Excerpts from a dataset
____

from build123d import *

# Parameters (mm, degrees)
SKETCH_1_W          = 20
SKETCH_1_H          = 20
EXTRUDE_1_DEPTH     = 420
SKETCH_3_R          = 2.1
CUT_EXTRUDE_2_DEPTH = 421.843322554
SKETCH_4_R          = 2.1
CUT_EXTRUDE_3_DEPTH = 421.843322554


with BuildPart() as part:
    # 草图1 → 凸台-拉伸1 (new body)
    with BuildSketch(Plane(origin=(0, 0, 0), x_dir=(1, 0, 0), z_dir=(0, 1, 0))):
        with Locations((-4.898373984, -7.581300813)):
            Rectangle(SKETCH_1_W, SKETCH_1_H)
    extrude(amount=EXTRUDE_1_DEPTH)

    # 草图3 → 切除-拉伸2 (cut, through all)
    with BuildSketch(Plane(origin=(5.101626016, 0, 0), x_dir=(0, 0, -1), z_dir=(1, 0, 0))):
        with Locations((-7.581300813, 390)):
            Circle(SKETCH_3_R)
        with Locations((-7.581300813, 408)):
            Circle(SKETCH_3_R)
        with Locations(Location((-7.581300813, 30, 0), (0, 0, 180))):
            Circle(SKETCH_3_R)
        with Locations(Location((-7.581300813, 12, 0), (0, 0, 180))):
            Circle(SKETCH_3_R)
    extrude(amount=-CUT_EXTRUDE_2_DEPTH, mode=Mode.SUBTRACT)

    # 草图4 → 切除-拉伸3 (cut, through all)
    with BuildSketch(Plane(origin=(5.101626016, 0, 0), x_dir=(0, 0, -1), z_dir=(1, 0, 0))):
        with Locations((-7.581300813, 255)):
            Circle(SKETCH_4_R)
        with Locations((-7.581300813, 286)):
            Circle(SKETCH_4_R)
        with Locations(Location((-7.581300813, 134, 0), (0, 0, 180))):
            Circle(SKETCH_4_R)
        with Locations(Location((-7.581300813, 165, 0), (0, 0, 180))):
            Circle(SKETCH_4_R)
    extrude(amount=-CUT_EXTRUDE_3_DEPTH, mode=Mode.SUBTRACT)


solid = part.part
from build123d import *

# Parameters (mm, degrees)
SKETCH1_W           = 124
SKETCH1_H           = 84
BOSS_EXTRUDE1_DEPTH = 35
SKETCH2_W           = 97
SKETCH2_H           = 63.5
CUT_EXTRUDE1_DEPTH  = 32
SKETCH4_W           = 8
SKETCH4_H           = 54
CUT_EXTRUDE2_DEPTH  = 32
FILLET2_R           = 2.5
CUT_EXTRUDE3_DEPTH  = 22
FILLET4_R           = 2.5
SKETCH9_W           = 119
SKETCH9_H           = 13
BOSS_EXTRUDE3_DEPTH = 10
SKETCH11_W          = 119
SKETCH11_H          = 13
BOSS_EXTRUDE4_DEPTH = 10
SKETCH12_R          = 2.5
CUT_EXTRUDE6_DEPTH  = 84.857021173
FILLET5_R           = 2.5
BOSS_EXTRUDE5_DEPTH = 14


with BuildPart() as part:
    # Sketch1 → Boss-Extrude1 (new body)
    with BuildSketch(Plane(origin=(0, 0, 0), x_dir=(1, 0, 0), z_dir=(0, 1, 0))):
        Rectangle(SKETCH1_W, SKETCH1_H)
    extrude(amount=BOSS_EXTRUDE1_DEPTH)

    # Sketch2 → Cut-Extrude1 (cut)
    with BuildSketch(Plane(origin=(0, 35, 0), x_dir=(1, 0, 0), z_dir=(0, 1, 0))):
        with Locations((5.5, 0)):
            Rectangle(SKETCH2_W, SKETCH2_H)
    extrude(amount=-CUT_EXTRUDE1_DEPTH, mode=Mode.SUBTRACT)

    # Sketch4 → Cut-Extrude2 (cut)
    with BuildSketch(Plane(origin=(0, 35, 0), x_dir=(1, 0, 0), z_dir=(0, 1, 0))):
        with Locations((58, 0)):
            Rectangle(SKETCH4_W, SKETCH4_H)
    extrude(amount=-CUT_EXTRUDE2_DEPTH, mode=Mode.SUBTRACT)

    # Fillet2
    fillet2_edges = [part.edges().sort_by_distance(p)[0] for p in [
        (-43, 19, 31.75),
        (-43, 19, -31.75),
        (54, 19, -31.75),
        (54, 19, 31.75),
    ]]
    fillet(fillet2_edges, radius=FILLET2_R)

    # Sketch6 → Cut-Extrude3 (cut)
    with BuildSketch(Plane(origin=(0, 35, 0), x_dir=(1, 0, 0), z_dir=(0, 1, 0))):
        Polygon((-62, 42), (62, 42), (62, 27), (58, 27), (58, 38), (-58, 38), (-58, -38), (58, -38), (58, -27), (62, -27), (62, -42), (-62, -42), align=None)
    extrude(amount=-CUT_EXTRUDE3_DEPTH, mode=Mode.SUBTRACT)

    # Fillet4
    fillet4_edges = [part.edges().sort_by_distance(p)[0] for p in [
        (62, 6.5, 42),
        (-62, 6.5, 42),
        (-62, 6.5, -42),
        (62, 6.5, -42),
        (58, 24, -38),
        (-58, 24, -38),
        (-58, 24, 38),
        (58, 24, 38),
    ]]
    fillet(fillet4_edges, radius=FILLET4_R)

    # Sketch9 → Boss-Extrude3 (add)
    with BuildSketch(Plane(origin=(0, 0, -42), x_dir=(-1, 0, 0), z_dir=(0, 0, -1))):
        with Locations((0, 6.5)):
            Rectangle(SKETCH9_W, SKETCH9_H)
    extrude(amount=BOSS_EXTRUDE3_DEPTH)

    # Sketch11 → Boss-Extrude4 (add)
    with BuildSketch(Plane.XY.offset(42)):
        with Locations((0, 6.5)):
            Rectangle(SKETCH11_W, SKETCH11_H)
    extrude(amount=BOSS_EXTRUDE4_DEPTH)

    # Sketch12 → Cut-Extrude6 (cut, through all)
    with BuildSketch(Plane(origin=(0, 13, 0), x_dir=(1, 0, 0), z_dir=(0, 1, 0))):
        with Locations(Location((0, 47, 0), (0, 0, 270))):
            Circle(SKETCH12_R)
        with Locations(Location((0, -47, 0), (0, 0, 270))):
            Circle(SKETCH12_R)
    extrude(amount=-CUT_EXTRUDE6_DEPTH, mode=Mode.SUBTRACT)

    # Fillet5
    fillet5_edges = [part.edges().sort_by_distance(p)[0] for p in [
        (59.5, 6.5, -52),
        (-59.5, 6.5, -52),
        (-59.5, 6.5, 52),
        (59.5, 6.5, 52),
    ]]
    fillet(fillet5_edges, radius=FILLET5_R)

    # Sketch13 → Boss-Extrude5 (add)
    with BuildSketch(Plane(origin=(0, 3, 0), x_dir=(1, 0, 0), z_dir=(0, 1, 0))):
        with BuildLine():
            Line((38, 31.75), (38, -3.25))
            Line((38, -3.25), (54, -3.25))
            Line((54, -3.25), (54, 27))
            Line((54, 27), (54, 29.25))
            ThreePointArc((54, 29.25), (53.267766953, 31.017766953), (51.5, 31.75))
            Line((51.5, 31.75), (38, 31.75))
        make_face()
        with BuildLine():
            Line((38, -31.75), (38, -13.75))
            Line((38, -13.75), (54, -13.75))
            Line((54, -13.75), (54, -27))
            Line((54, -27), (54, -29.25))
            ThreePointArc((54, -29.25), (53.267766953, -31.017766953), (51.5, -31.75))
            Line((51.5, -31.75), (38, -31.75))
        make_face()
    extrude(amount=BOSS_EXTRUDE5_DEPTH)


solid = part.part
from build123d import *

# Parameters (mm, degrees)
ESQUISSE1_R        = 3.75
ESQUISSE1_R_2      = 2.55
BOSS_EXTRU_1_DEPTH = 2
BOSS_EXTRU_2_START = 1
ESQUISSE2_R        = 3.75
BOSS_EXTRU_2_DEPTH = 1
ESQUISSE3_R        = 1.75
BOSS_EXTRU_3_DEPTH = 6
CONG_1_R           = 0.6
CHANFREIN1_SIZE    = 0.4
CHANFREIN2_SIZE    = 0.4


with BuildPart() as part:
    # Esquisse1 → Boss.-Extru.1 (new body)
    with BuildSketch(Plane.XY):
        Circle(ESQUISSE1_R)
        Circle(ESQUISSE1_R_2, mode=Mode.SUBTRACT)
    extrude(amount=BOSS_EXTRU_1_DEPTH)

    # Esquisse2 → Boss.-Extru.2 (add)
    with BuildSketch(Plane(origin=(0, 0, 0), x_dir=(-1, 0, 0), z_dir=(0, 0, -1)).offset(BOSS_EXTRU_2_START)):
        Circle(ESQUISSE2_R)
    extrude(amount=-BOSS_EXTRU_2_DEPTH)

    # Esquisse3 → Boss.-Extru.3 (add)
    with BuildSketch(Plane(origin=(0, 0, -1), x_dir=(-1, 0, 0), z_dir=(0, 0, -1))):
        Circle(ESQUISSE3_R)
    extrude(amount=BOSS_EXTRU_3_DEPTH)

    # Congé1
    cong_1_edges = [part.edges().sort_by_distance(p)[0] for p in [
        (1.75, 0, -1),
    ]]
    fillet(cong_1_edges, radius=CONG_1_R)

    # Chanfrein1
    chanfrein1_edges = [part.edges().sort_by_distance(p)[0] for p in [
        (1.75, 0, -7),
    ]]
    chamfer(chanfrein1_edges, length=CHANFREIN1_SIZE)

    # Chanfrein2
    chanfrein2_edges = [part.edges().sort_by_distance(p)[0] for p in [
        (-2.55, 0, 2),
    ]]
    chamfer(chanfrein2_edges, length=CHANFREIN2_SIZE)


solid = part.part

____

## EXERCISE
Nothing before the line containing "cong_1_edges = [part.edges().sort_by_distance(p)[0]" should be repeated; repeat that line and all later lines through the end of the data above, exactly.

## OUTPUT BELOW
    cong_1_edges = [part.edges().sort_by_distance(p)[0] for p in [
        (1.75, 0, -1),
    ]]
    fillet(cong_1_edges, radius=CONG_1_R)

    # Chanfrein1
    chanfrein1_edges = [part.edges().sort_by_distance(p)[0] for p in [
        (1.75, 0, -7),
    ]]
    chamfer(chanfrein1_edges, length=CHANFREIN1_SIZE)

    # Chanfrein2
    chanfrein2_edges = [part.edges().sort_by_distance(p)[0] for p in [
        (-2.55, 0, 2),
    ]]
    chamfer(chanfrein2_edges, length=CHANFREIN2_SIZE)


solid = part.part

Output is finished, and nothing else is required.